Randolph on Stotko, 'South Africa'

Mary Ann Stotko
Brenda F. Randolph

Mary Ann Stotko. South Africa. Milwaukee: Gareth Stevens Publishing, 2002. 96 pp. $29.26 (cloth), ISBN 978-0-8368-2347-9.

Reviewed by Brenda F. Randolph (Africa Access) Published on H-AfrTeach (November, 2003)

Stotko's South Africa is an adequate though not outstanding country study of South Africa. The text is generally accurate, the colorful photographs chosen well, and the author treats certain controversial topics with aplomb. The discussion on Shaka, the well-known Zulu leader, avoids the sensational treatment seen in many other children's books and the section "Traditional Healers in Modern Society" is also balanced well. The author describes traditional health practitioners as "the backbone of the primary health care system on which many South Africans rely" and she notes their considerable knowledge: "[t]raditional healers are specialists in botany who, with no formal training, possess incredible knowledge of the chemistry and nutritional and medicinal values of hundreds of herbs" (p. 69). Other strengths include the section on ecotourism and sidebars that direct readers to more extensive information within the text.

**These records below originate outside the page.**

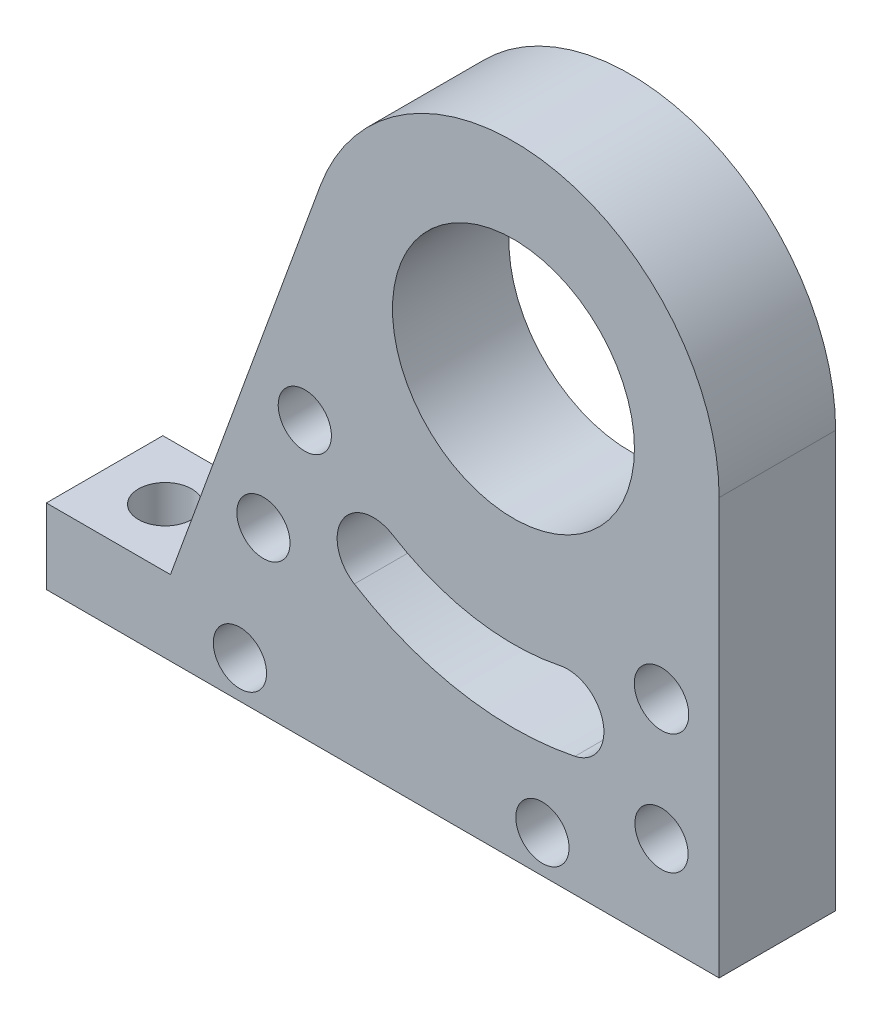
from build123d import *

# Parameters (mm, degrees)
SKETCH1_R           = 10
EXTRUDE_3_8_DEPTH   = 9.63
SKETCH2_R           = 2.2
SKETCH2_R_2         = 2.25
M4_THROUGH_DEPTH    = 9.63
CUT_EXTRUDE2_DEPTH  = 9.63
BOSS_EXTRUDE2_DEPTH = 9.63
SKETCH5_R           = 2.2
M5_DRILL_DEPTH      = 8
SKETCH7_R           = 2.2
M4_THROUGH2_DEPTH   = 9.63


with BuildPart() as part:
    # Sketch1 → 3/8 (new body)
    with BuildSketch(Plane.XY):
        with BuildLine():
            Line((17, 0), (17, -34.388204953))
            Line((17, -34.388204953), (-30.607305145, -34.388204953))
            Line((-30.607305145, -34.388204953), (-15.974774553, 5.814342437))
            ThreePointArc((-15.974774553, 5.814342437), (2.95201902, 16.741731801), (17, 0))
        make_face()
        Circle(SKETCH1_R, mode=Mode.SUBTRACT)
    extrude(amount=EXTRUDE_3_8_DEPTH)

    # Sketch2 → M4_through (cut)
    with BuildSketch(Plane.XY):
        with Locations(Location((12.2375, -26.800082425, 0), (0, 0, 180))):
            Circle(SKETCH2_R)
        with Locations(Location((12.2375, -16.800082425, 0), (0, 0, 180))):
            Circle(SKETCH2_R_2)
        with Locations(Location((-20.665656479, -20.998368188, 0), (0, 0, 180))):
            Circle(SKETCH2_R)
        with Locations(Location((-17.245455046, -11.60144198, 0), (0, 0, 180))):
            Circle(SKETCH2_R)
    extrude(amount=M4_THROUGH_DEPTH, mode=Mode.SUBTRACT)

    # Sketch4 → Cut-Extrude2 (cut)
    with BuildSketch(Plane.XY.offset(9.63)):
        with BuildLine():
            ThreePointArc((-9.994224888, -16.159067699), (-3.299315376, -18.711347307), (3.864772727, -18.602782904))
            ThreePointArc((3.864772727, -18.602782904), (7.412281511, -20.929837142), (5.085227273, -24.477345926))
            ThreePointArc((5.085227273, -24.477345926), (-4.341204442, -24.620193825), (-13.150295905, -21.261931182))
            ThreePointArc((-13.150295905, -21.261931182), (-14.123692138, -17.132463932), (-9.994224888, -16.159067699))
        make_face()
    extrude(amount=-CUT_EXTRUDE2_DEPTH, mode=Mode.SUBTRACT)

    # Sketch6 → Boss-Extrude2 (add)
    with BuildSketch(Plane.XY.offset(9.63)):
        Polygon((-30.607305145, -34.388204953), (-38.607305145, -34.388204953), (-38.607305145, -28.188204953), (-28.350689692, -28.188204953), align=None)
    extrude(amount=-BOSS_EXTRUDE2_DEPTH)

    # Sketch5 → M5_DRILL (cut)
    with BuildSketch(Plane.XZ.offset(34.388204953)):
        with Locations((-33.607305145, 4.815)):
            Circle(SKETCH5_R)
        with Locations((-8.607305145, 4.815)):
            Circle(SKETCH5_R)
    extrude(amount=-M5_DRILL_DEPTH, mode=Mode.SUBTRACT)

    # Sketch7 → M4_through2 (cut)
    with BuildSketch(Plane.XY.offset(9.63)):
        with Locations((-22.607305145, -31.288204953)):
            Circle(SKETCH7_R)
        with Locations((2.392694855, -31.288204953)):
            Circle(SKETCH7_R)
    extrude(amount=-M4_THROUGH2_DEPTH, mode=Mode.SUBTRACT)


solid = part.part
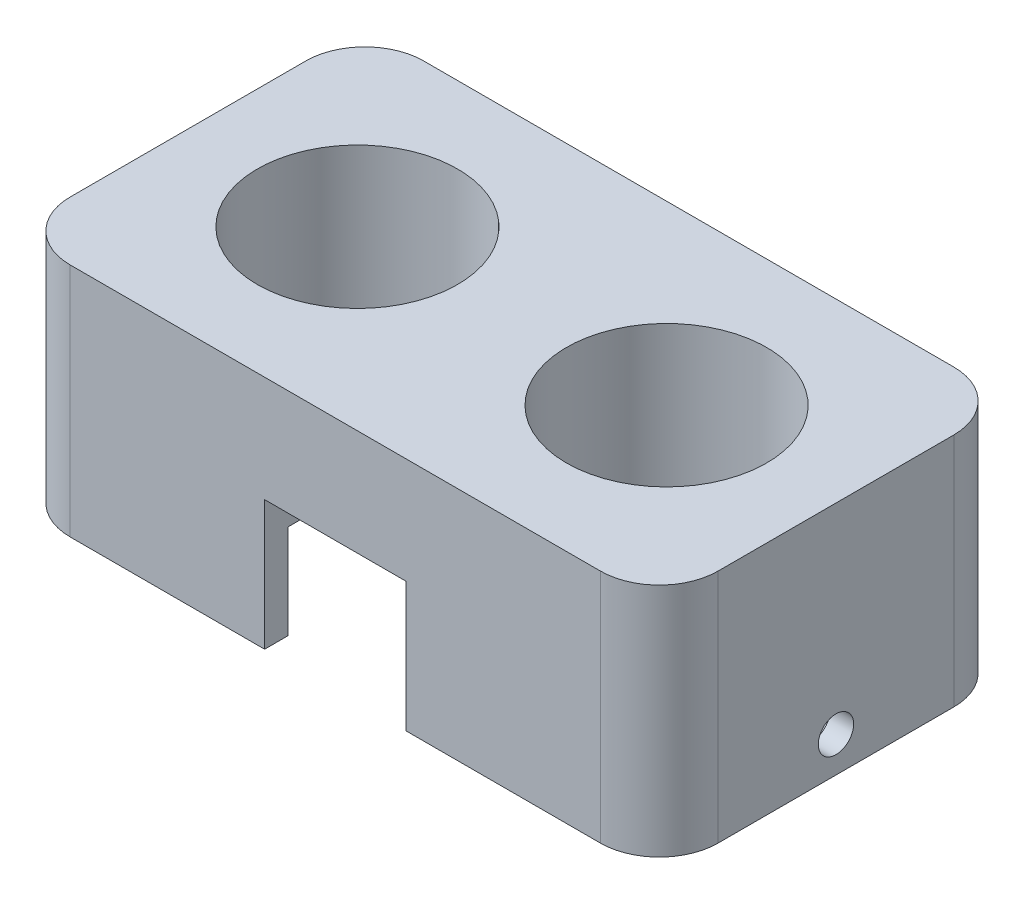
from build123d import *

# Parameters (mm, degrees)
SKETCH1_W                    = 55
SKETCH1_H                    = 30
BOSS_EXTRUDE1_DEPTH          = 12
SKETCH2_R                    = 8.5
CUT_EXTRUDE1_DEPTH           = 34.544746235
SKETCH4_W                    = 12
SKETCH4_H                    = 5
CUT_EXTRUDE2_DEPTH           = 5
FILLET1_R                    = 2
SKETCH5_W                    = 12
SKETCH5_H                    = 5
CUT_EXTRUDE3_DEPTH           = 3
FILLET2_R                    = 5
BOSS_EXTRUDE3_DEPTH          = 8
F_3_0MM_DOWEL_HOLE1_D        = 3
SKETCH10_W                   = 8
SKETCH10_H                   = 8
BOSS_EXTRUDE4_DEPTH          = 2
F_2_0_2_DIAMETER_HOLE1_D     = 2
F_2_0_2_DIAMETER_HOLE1_DEPTH = 10
F_2_0_2_DIAMETER_HOLE1_TIP   = 0.600860619


with BuildPart() as part:
    # Sketch1 → Boss-Extrude1 (new body)
    with BuildSketch(Plane(origin=(0, 0, 0), x_dir=(1, 0, 0), z_dir=(0, 1, 0))):
        Rectangle(SKETCH1_W, SKETCH1_H)
    extrude(amount=BOSS_EXTRUDE1_DEPTH)

    # Sketch2 → Cut-Extrude1 (cut, through all)
    with BuildSketch(Plane(origin=(0, 12, 0), x_dir=(1, 0, 0), z_dir=(0, 1, 0))):
        with Locations(Location((-13.12, 0, 0), (0, 0, 270))):
            Circle(SKETCH2_R)
        with Locations(Location((13.12, 0, 0), (0, 0, 270))):
            Circle(SKETCH2_R)
    extrude(amount=-CUT_EXTRUDE1_DEPTH, mode=Mode.SUBTRACT)

    # Sketch4 → Cut-Extrude2 (cut)
    with BuildSketch(Plane.XZ):
        with Locations((0, -7.5)):
            Rectangle(SKETCH4_W, SKETCH4_H)
    extrude(amount=-CUT_EXTRUDE2_DEPTH, mode=Mode.SUBTRACT)

    # Fillet1
    fillet1_edges = [part.edges().sort_by_distance(p)[0] for p in [
        (-6, 2.5, -10),
        (-6, 2.5, -5),
        (6, 2.5, -5),
        (6, 2.5, -10),
    ]]
    fillet(fillet1_edges, radius=FILLET1_R)

    # Sketch5 → Cut-Extrude3 (cut)
    with BuildSketch(Plane.XZ):
        with Locations((0, 12.5)):
            Rectangle(SKETCH5_W, SKETCH5_H)
    extrude(amount=-CUT_EXTRUDE3_DEPTH, mode=Mode.SUBTRACT)

    # Fillet2
    fillet2_edges = [part.edges().sort_by_distance(p)[0] for p in [
        (27.5, 6, 15),
        (-27.5, 6, 15),
        (-27.5, 6, -15),
        (27.5, 6, -15),
    ]]
    fillet(fillet2_edges, radius=FILLET2_R)

    # Sketch6 → Boss-Extrude3 (add)
    with BuildSketch(Plane.XZ):
        with BuildLine():
            Line((25.5, 10), (25.5, -10))
            ThreePointArc((25.5, -10), (24.621320344, -12.121320344), (22.5, -13))
            Line((22.5, -13), (-22.5, -13))
            ThreePointArc((-22.5, -13), (-24.621320344, -12.121320344), (-25.5, -10))
            Line((-25.5, -10), (-25.5, 10))
            ThreePointArc((-25.5, 10), (-24.621320344, 12.121320344), (-22.5, 13))
            Line((-22.5, 13), (-8, 13))
            Line((-8, 13), (-6, 13))
            Line((-6, 13), (-6, 15))
            Line((-6, 15), (-22.5, 15))
            ThreePointArc((-22.5, 15), (-26.035533906, 13.535533906), (-27.5, 10))
            Line((-27.5, 10), (-27.5, -10))
            ThreePointArc((-27.5, -10), (-26.035533906, -13.535533906), (-22.5, -15))
            Line((-22.5, -15), (22.5, -15))
            ThreePointArc((22.5, -15), (26.035533906, -13.535533906), (27.5, -10))
            Line((27.5, -10), (27.5, 10))
            ThreePointArc((27.5, 10), (26.035533906, 13.535533906), (22.5, 15))
            Line((22.5, 15), (6, 15))
            Line((6, 15), (6, 13))
            Line((6, 13), (8, 13))
            Line((8, 13), (22.5, 13))
            ThreePointArc((22.5, 13), (24.621320344, 12.121320344), (25.5, 10))
        make_face()
    extrude(amount=BOSS_EXTRUDE3_DEPTH)

    # Ø3.0mm Dowel Hole1 (through all)
    with Locations(Plane.ZY.offset(27.5)):
        with Locations((0, -5)):
            Hole(F_3_0MM_DOWEL_HOLE1_D / 2)

    # Sketch10 → Boss-Extrude4 (add)
    with BuildSketch(Plane.ZY.offset(-25.5)):
        with Locations((0, -4)):
            Rectangle(SKETCH10_W, SKETCH10_H)
        Polygon((2.771281292, -5), (1.385640646, -2.6), (-1.385640646, -2.6), (-2.771281292, -5), (-1.385640646, -7.4), (1.385640646, -7.4), align=None, mode=Mode.SUBTRACT)
    boss_extrude4 = extrude(amount=BOSS_EXTRUDE4_DEPTH)

    # Mirror1: Boss-Extrude4 across plane
    add(boss_extrude4.mirror(Plane(origin=(0, 0, 0), x_dir=(0, 0, 1), z_dir=(1, 0, 0))))

    # Ø2.0 (2) Diameter Hole1
    with Locations(Plane(origin=(0, 0, 0), x_dir=(-1, 0, 0), z_dir=(0, -1, 0))):
        with Locations((-21.425, 8.7), (21.425, 8.7), (21.425, -8.7), (-21.425, -8.7)):
            Hole(F_2_0_2_DIAMETER_HOLE1_D / 2, depth=F_2_0_2_DIAMETER_HOLE1_DEPTH)
            with Locations((0, 0, -(F_2_0_2_DIAMETER_HOLE1_DEPTH + F_2_0_2_DIAMETER_HOLE1_TIP / 2))):  # 118° drill point
                Cone(0, F_2_0_2_DIAMETER_HOLE1_D / 2, F_2_0_2_DIAMETER_HOLE1_TIP, mode=Mode.SUBTRACT)


solid = part.part
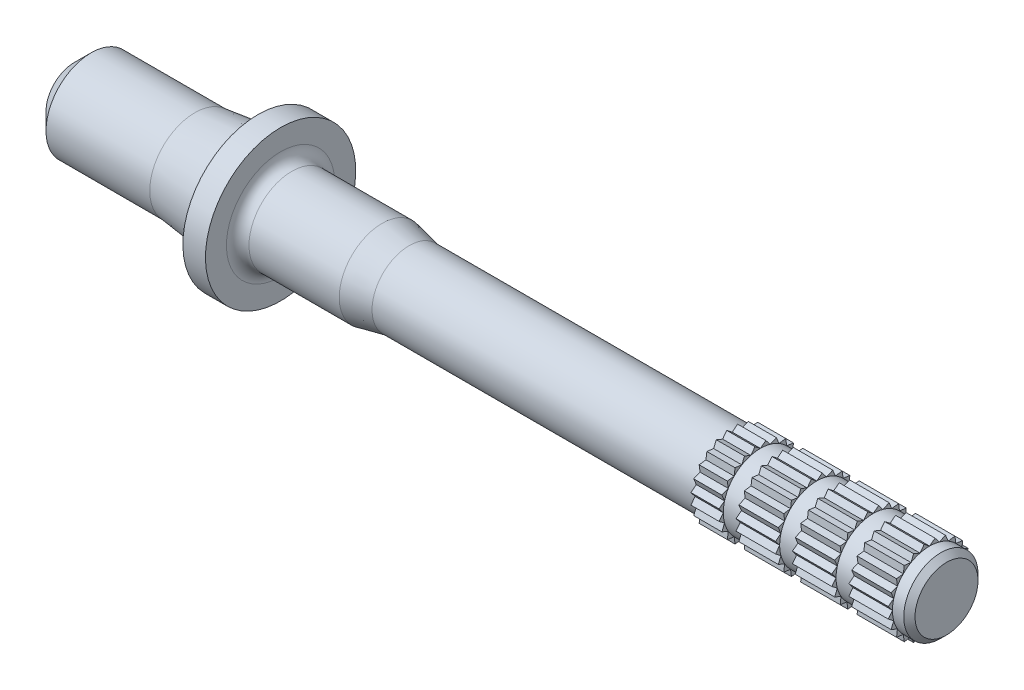
from build123d import *

# Parameters (mm, degrees)
CUT_EXTRUDE1_REACH = 40.956
CIRPATTERN1_COUNT  = 24
SKETCH3_OUTSIDE_W  = 16.622
SKETCH3_OUTSIDE_H  = 16.622
SKETCH3_OUTSIDE_R  = 1.646333965
CUT_EXTRUDE2_DEPTH = 0.75
LPATTERN1_COUNT    = 4
LPATTERN1_PITCH    = 2.5
CHAMFER1_SIZE      = 0.75
CHAMFER2_SIZE      = 0.25
FILLET1_R          = 0.5


with BuildPart() as part:
    # Sketch1 → Revolve1 (revolve)
    with BuildSketch(Plane.XY):
        Polygon((0, 0), (0, 2), (5.35, 2), (8.15, 2.331401839), (8.15, 3.331401839), (9.15, 3.331401839), (9.15, 1.901401839), (13.65, 1.901401839), (14.85, 1.646333965), (29.17, 1.646333965), (29.17, 1.85), (38.67, 1.85), (38.67, 0), align=None)
    revolve(axis=Axis((38.67, 0, 0), (-1, 0, 0)))

    # Sketch2 → Cut-Extrude1 (cut, up to next)
    with BuildSketch(Plane(origin=(38.67, 0, 0), x_dir=(0, 0, -1), z_dir=(1, 0, 0)), mode=Mode.PRIVATE) as cut_extrude1_sk1:
        with BuildLine():
            Line((-0.244307448, 1.833797664), (0, 1.646333965))
            Line((0, 1.646333965), (0.244307448, 1.833797664))
            ThreePointArc((0.244307448, 1.833797664), (0, 1.85), (-0.244307448, 1.833797664))
        make_face()
    cut_extrude1_tool1 = extrude(cut_extrude1_sk1.sketch, amount=-CUT_EXTRUDE1_REACH, mode=Mode.PRIVATE) & part.part
    cut_extrude1 = cut_extrude1_tool1.solids().sort_by_distance((38.67, 1.778442, 0))[0]
    add(cut_extrude1, mode=Mode.SUBTRACT)

    # CirPattern1: Cut-Extrude1 ×24 about axis
    cirpattern1_axis = Axis((0, 0, 0), (1, 0, 0))
    for i in range(1, CIRPATTERN1_COUNT):
        add(cut_extrude1.rotate(cirpattern1_axis, i * 360 / CIRPATTERN1_COUNT), mode=Mode.SUBTRACT)

    # Sketch3 outside → Cut-Extrude2 (cut)
    with BuildSketch(Plane(origin=(38.67, 0, 0), x_dir=(0, 0, -1), z_dir=(1, 0, 0))):
        Rectangle(SKETCH3_OUTSIDE_W, SKETCH3_OUTSIDE_H)
        with Locations(Location((0, 0, 0), (0, 0, 90))):
            Circle(SKETCH3_OUTSIDE_R, mode=Mode.SUBTRACT)
    cut_extrude2 = extrude(amount=-CUT_EXTRUDE2_DEPTH, mode=Mode.SUBTRACT)

    # LPattern1: Cut-Extrude2 ×4
    with Locations(*[(-i * LPATTERN1_PITCH, 0, 0) for i in range(1, LPATTERN1_COUNT)]):
        add(cut_extrude2, mode=Mode.SUBTRACT)

    # Chamfer1
    chamfer1_edges = [part.edges().sort_by_distance(p)[0] for p in [
        (0, -2, 0),
    ]]
    chamfer(chamfer1_edges, length=CHAMFER1_SIZE)

    # Chamfer2
    chamfer2_edges = [part.edges().sort_by_distance(p)[0] for p in [
        (38.67, -1.646333965, 0),
    ]]
    chamfer(chamfer2_edges, length=CHAMFER2_SIZE)

    # Fillet1
    fillet1_edges = [part.edges().sort_by_distance(p)[0] for p in [
        (9.15, -1.901401839, 0),
        (8.15, -2.331401839, 0),
    ]]
    fillet(fillet1_edges, radius=FILLET1_R)


solid = part.part

The weakest part of the book is the historical discussion. Like most children's books on South Africa, the retelling of early South African history is unbalanced. Centuries of history before European settlement are summed up in a few sentences and greater emphasis placed on the colonial period when Dutch and English immigrants began settling in the land. Black South Africans are occasionally discussed but primarily in relationship to the white settlers. Early twentieth-century history is also spotty. The author devotes two pages to the South African War of 1899 (also known as the Boer War) but devotes only a sentence to the Native Land Act of 1913. This act stripped black South Africans of most of their land, impoverished millions, and helped to establish the template for the apartheid system. The period of resistance in the post-World War II era is covered fairly well but there are gaps. There is a photo of protesters in Cape Town but none of the massive demonstrations that took place through much of this period in South Africa. The author also misses an excellent opportunity to connect South African resistance campaigns to civil rights demonstrations in the United States and the efforts of Native Americans to regain land lost during the conquest and colonization of the United States. I recommend the book, but teachers will need to supplement the volume with books that fill in the gaps.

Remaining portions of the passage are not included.